◆ **Exercise data**:
= = = = =

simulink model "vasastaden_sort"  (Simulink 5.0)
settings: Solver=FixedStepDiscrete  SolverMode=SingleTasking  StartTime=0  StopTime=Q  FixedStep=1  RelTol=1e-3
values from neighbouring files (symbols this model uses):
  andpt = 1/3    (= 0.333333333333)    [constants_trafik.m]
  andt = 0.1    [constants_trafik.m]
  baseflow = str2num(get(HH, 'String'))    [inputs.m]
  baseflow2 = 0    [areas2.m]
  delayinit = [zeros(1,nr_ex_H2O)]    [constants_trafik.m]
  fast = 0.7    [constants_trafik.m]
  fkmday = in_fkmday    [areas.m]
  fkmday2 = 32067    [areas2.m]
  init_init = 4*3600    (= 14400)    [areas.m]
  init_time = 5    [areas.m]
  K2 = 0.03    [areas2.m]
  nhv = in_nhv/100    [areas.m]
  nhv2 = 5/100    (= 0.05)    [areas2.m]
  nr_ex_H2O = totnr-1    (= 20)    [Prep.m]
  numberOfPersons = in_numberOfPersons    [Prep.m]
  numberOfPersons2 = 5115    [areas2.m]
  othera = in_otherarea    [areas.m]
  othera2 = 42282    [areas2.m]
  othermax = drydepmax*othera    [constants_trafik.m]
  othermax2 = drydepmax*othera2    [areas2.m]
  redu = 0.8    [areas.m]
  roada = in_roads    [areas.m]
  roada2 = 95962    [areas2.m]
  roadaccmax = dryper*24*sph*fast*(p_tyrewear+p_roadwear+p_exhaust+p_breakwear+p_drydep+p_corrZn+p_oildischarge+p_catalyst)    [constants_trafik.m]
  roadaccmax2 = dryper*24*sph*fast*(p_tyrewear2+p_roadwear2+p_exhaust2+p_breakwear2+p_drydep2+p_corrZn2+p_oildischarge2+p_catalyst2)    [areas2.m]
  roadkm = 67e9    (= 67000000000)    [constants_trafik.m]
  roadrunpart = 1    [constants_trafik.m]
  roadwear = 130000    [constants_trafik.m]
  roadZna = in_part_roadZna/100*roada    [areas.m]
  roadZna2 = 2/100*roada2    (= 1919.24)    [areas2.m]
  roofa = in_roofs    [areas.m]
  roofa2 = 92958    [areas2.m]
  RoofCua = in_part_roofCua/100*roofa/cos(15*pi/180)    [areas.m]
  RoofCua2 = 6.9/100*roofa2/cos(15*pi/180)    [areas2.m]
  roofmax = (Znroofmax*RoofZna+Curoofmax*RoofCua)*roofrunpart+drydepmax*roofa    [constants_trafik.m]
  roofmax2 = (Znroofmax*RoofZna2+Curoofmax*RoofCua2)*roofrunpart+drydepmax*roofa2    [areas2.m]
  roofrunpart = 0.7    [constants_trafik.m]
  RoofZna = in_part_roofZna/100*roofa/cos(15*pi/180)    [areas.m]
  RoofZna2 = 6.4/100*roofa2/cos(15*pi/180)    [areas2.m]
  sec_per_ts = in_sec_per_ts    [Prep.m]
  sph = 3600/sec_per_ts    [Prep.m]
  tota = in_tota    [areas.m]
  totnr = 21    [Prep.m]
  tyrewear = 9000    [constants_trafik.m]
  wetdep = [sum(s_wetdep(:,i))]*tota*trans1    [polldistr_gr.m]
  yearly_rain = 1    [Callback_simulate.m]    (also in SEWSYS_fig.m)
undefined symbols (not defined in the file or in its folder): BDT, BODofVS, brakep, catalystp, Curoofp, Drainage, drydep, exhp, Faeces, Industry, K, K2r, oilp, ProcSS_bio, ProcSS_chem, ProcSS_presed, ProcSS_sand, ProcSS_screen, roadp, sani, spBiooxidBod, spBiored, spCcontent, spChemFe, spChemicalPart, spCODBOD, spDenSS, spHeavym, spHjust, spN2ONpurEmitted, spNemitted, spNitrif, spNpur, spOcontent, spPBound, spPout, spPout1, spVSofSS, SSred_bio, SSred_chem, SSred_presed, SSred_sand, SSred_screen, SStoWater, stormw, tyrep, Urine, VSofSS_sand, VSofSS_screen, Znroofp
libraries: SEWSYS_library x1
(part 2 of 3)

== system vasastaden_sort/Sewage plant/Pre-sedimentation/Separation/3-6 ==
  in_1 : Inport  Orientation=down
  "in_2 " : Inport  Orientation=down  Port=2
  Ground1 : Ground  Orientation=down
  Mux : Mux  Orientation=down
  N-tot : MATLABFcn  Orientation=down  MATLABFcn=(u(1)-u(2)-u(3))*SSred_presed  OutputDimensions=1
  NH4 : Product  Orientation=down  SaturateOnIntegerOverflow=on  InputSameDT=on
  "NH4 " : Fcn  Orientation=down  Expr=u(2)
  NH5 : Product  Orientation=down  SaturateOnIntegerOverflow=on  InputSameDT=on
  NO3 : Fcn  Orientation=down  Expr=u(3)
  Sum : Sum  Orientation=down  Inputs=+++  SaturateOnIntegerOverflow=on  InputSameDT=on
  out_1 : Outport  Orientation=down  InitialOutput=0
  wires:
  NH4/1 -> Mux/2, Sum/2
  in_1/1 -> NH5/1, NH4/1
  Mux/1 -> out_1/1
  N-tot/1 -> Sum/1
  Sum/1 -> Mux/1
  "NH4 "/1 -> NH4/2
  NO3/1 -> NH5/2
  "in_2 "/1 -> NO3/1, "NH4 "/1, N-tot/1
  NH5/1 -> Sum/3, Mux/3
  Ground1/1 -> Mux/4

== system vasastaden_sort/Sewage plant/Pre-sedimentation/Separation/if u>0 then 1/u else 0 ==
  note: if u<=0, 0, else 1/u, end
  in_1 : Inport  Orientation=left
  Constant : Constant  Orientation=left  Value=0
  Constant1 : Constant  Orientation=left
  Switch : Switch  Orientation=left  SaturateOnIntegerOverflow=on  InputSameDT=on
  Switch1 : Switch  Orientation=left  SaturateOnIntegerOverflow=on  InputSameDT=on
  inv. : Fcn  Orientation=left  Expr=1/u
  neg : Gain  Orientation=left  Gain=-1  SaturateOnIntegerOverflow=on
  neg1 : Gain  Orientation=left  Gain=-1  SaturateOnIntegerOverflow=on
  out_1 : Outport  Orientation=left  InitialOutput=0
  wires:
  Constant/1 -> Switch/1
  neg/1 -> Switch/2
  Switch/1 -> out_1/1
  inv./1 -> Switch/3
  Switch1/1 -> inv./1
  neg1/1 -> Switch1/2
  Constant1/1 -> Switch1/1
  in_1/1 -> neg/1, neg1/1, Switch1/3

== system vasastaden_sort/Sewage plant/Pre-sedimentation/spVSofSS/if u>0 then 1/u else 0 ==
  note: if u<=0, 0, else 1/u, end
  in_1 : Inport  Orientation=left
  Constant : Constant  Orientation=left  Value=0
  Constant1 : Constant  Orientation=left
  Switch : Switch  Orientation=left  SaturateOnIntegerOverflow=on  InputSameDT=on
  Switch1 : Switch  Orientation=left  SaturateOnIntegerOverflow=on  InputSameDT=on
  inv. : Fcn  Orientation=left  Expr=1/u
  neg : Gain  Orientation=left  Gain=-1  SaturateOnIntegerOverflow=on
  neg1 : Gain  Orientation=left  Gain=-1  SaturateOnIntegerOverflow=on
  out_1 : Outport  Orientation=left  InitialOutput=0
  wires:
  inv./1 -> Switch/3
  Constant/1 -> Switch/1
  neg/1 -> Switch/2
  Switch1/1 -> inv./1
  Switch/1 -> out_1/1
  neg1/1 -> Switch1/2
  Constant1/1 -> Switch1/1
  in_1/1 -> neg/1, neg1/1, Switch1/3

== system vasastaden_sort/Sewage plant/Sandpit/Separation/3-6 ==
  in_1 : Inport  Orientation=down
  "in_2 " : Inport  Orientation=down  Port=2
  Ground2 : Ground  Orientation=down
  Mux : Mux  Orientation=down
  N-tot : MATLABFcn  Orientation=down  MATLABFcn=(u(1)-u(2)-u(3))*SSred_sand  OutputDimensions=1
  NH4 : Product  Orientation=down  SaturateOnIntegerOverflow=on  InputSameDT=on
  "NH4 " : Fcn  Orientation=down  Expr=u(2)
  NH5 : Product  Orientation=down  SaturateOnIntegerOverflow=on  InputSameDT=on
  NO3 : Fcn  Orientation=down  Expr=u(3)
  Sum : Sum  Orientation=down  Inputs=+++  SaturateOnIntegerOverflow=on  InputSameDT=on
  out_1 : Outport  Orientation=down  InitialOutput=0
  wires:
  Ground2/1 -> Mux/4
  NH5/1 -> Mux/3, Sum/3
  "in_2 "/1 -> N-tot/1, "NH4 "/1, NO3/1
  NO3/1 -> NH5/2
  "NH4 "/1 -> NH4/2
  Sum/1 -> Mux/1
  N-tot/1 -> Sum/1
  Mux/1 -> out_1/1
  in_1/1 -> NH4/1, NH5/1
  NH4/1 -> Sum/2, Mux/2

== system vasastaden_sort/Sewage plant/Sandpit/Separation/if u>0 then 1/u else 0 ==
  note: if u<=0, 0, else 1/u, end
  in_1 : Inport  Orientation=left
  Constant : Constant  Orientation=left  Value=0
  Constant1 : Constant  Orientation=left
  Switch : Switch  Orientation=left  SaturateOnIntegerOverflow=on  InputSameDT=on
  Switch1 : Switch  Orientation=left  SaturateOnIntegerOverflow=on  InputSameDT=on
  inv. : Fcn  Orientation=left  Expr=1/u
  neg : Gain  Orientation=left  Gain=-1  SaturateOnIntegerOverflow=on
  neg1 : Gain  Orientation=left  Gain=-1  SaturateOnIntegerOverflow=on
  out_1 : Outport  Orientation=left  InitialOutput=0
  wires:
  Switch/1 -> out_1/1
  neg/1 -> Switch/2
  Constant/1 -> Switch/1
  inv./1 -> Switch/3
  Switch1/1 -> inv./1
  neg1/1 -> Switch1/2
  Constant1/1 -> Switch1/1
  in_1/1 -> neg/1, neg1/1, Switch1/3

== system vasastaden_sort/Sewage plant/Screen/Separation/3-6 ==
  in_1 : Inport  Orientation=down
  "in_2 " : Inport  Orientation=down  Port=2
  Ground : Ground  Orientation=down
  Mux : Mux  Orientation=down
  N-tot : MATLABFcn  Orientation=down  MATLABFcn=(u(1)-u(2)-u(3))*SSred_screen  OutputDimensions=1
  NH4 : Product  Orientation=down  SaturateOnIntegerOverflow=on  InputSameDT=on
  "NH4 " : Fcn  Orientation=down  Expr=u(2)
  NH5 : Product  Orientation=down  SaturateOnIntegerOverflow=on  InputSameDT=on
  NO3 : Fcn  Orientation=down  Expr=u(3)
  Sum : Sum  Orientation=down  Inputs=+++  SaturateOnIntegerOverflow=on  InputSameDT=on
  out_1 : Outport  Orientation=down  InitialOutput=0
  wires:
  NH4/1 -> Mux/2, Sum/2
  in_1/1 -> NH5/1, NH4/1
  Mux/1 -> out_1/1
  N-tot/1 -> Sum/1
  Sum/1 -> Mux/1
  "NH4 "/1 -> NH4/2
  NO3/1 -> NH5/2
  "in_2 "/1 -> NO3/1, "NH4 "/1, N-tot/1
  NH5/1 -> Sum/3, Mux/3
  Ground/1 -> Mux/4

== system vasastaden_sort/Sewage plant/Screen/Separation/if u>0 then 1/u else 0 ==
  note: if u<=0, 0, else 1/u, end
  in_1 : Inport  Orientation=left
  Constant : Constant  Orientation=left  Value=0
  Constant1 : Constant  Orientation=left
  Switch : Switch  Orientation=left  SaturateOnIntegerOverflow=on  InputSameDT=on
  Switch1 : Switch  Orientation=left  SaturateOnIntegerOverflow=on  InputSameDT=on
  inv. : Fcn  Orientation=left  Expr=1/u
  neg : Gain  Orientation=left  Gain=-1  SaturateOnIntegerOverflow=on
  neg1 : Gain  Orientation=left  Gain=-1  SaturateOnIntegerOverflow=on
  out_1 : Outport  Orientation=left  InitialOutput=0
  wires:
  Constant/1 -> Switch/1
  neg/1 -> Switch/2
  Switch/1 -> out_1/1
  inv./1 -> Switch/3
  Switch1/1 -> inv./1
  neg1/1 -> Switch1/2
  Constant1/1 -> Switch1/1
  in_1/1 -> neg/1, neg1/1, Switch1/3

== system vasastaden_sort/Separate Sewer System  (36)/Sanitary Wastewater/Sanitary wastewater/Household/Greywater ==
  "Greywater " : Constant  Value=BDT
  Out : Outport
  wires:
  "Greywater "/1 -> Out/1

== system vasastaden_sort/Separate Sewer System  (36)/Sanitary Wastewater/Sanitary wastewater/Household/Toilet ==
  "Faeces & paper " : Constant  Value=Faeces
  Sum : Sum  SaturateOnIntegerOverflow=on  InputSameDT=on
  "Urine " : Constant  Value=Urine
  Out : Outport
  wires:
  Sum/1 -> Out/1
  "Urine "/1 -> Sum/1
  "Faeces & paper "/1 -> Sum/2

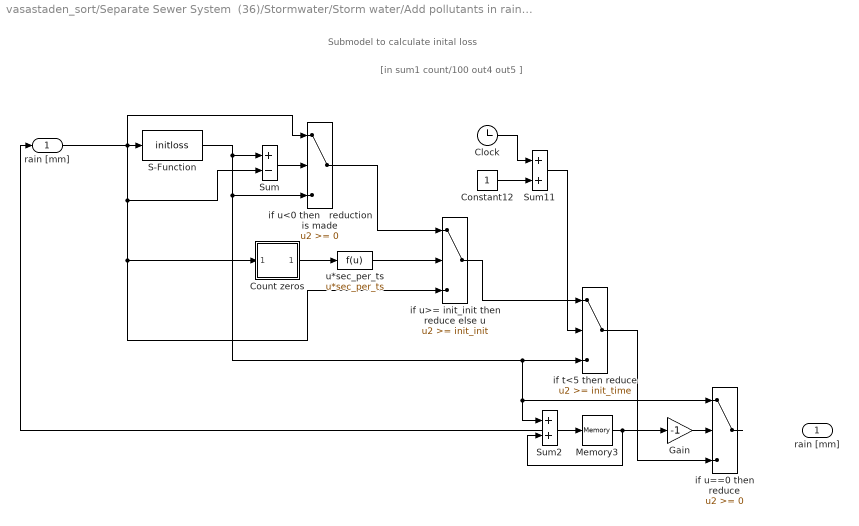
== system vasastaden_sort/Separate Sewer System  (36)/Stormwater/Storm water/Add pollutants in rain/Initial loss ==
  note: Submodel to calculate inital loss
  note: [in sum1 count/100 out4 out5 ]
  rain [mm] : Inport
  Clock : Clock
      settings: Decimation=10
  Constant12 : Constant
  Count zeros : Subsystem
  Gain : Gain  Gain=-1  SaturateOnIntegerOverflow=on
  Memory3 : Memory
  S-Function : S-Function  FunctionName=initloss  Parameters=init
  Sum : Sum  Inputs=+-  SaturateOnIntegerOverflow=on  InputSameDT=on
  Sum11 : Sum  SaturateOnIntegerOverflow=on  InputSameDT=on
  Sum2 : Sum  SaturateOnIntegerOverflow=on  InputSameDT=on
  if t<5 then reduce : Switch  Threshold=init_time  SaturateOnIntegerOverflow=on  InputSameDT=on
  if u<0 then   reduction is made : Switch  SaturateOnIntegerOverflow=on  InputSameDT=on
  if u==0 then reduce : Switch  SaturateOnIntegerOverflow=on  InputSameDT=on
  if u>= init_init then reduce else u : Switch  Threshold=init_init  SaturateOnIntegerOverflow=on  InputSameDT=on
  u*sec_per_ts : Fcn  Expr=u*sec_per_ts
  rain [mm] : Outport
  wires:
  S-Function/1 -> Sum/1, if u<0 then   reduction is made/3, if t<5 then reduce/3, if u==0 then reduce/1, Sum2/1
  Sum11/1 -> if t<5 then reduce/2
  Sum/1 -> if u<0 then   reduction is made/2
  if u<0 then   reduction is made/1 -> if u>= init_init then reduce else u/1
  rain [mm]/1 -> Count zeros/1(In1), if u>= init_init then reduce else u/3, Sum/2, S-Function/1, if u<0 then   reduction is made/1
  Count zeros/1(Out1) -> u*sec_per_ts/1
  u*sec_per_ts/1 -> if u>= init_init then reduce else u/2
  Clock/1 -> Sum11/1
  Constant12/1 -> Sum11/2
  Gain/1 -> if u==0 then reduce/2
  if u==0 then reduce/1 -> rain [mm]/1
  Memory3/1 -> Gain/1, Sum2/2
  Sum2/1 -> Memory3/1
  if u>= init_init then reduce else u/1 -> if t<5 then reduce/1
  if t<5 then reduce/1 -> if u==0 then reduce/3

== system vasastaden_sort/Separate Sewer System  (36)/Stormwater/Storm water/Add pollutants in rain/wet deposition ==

= = = = =

◆ **The task**:
Go through the listing above and copy each line that contains "Faeces".

◆ **Response to the task**:
undefined symbols (not defined in the file or in its folder): BDT, BODofVS, brakep, catalystp, Curoofp, Drainage, drydep, exhp, Faeces, Industry, K, K2r, oilp, ProcSS_bio, ProcSS_chem, ProcSS_presed, ProcSS_sand, ProcSS_screen, roadp, sani, spBiooxidBod, spBiored, spCcontent, spChemFe, spChemicalPart, spCODBOD, spDenSS, spHeavym, spHjust, spN2ONpurEmitted, spNemitted, spNitrif, spNpur, spOcontent, spPBound, spPout, spPout1, spVSofSS, SSred_bio, SSred_chem, SSred_presed, SSred_sand, SSred_screen, SStoWater, stormw, tyrep, Urine, VSofSS_sand, VSofSS_screen, Znroofp
  "Faeces & paper " : Constant  Value=Faeces
  "Faeces & paper "/1 -> Sum/2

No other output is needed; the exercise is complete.